Did you get all that? Good, because this involves casting, so we will need to
implement it three times, which calls for another macro.
```rust
macro_rules! fixed_point_signed_multiply {
($t:ident) => {
impl<F: Unsigned> Mul for Fx<$t, F> {
type Output = Self;
fn mul(self, rhs: Fx<$t, F>) -> Self::Output {
let pre_shift = (self.num as i32).wrapping_mul(rhs.num as i32);
if pre_shift < 0 {
if pre_shift == core::i32::MIN {
Fx {
num: core::$t::MIN,
phantom: PhantomData,
}
} else {
Fx {
num: (-((-pre_shift) >> F::U8)) as $t,
phantom: PhantomData,
}
}
} else {
Fx {
num: (pre_shift >> F::U8) as $t,
phantom: PhantomData,
}
}
}
}
};
}
fixed_point_signed_multiply! {i8}
fixed_point_signed_multiply! {i16}
fixed_point_signed_multiply! {i32}
macro_rules! fixed_point_unsigned_multiply {
($t:ident) => {
impl<F: Unsigned> Mul for Fx<$t, F> {
type Output = Self;
fn mul(self, rhs: Fx<$t, F>) -> Self::Output {
Fx {
num: ((self.num as u32).wrapping_mul(rhs.num as u32) >> F::U8) as $t,
phantom: PhantomData,
}
}
}
};
}
fixed_point_unsigned_multiply! {u8}
fixed_point_unsigned_multiply! {u16}
fixed_point_unsigned_multiply! {u32}
```
## Division
Division is similar to multiplication, but reversed.

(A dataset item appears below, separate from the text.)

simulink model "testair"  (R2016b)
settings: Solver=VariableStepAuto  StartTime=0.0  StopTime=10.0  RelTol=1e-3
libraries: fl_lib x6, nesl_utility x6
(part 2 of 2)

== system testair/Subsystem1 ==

Which makes sense. This
time `A/B` gives `(a*f)/(b*f)` which is `a/b`, one _less_ `f` than we were
after.
As with the multiplication version of things, we have to up-cast our inner value
as much a we can before doing the math, to allow for the most precision
possible.
The snag here is that the GBA has no division or remainder. Instead, the GBA has
a BIOS function you can call to do `i32/i32` division.
This is a potential problem for us though. If we have some unsigned value, we
need it to fit within the positive space of an `i32` _after the multiply_ so
that we can cast it to `i32`, call the BIOS function that only works on `i32`
values, and cast it back to its actual type.
* If you have a u8 you're always okay, even with 8 floating bits.
* If you have a u16 you're okay even with a maximum value up to 15 floating
bits, but having a maximum value and 16 floating bits makes it break.
* If you have a u32 you're probably going to be in trouble all the time.
So... ugh, there's not much we can do about this. For now we'll just have to
suffer some.
// TODO: find a numerics book that tells us how to do `u32/u32` divisions.
```rust
macro_rules! fixed_point_signed_division {
($t:ident) => {
impl<F: Unsigned> Div for Fx<$t, F> {
type Output = Self;
fn div(self, rhs: Fx<$t, F>) -> Self::Output {
let mul_output: i32 = (self.num as i32).wrapping_mul(1 << F::U8);
let divide_result: i32 = crate::bios::div(mul_output, rhs.num as i32);
Fx {
num: divide_result as $t,
phantom: PhantomData,
}
}
}
};
}
fixed_point_signed_division! {i8}
fixed_point_signed_division! {i16}
fixed_point_signed_division! {i32}
macro_rules! fixed_point_unsigned_division {
($t:ident) => {
impl<F: Unsigned> Div for Fx<$t, F> {
type Output = Self;
fn div(self, rhs: Fx<$t, F>) -> Self::Output {
let mul_output: i32 = (self.num as i32).wrapping_mul(1 << F::U8);
let divide_result: i32 = crate::bios::div(mul_output, rhs.num as i32);
Fx {
num: divide_result as $t,
phantom: PhantomData,
}
}
}
};
}
fixed_point_unsigned_division! {u8}
fixed_point_unsigned_division! {u16}
fixed_point_unsigned_division! {u32}
```
## Trigonometry
TODO: look up tables! arcbits!
## Just Using A Crate
If, after seeing all that, and seeing that I still didn't even cover every
possible trait impl that you might want for all the possible types... if after
all that you feel too intimidated, then I'll cave a bit on your behalf and
suggest to you that the [fixed](https://crates.io/crates/fixed) crate seems to
be the best crate available for fixed point math.
_I have not tested its use on the GBA myself_.
It's just my recommendation from looking at the docs of the various options
available, if you really wanted to just have a crate for it.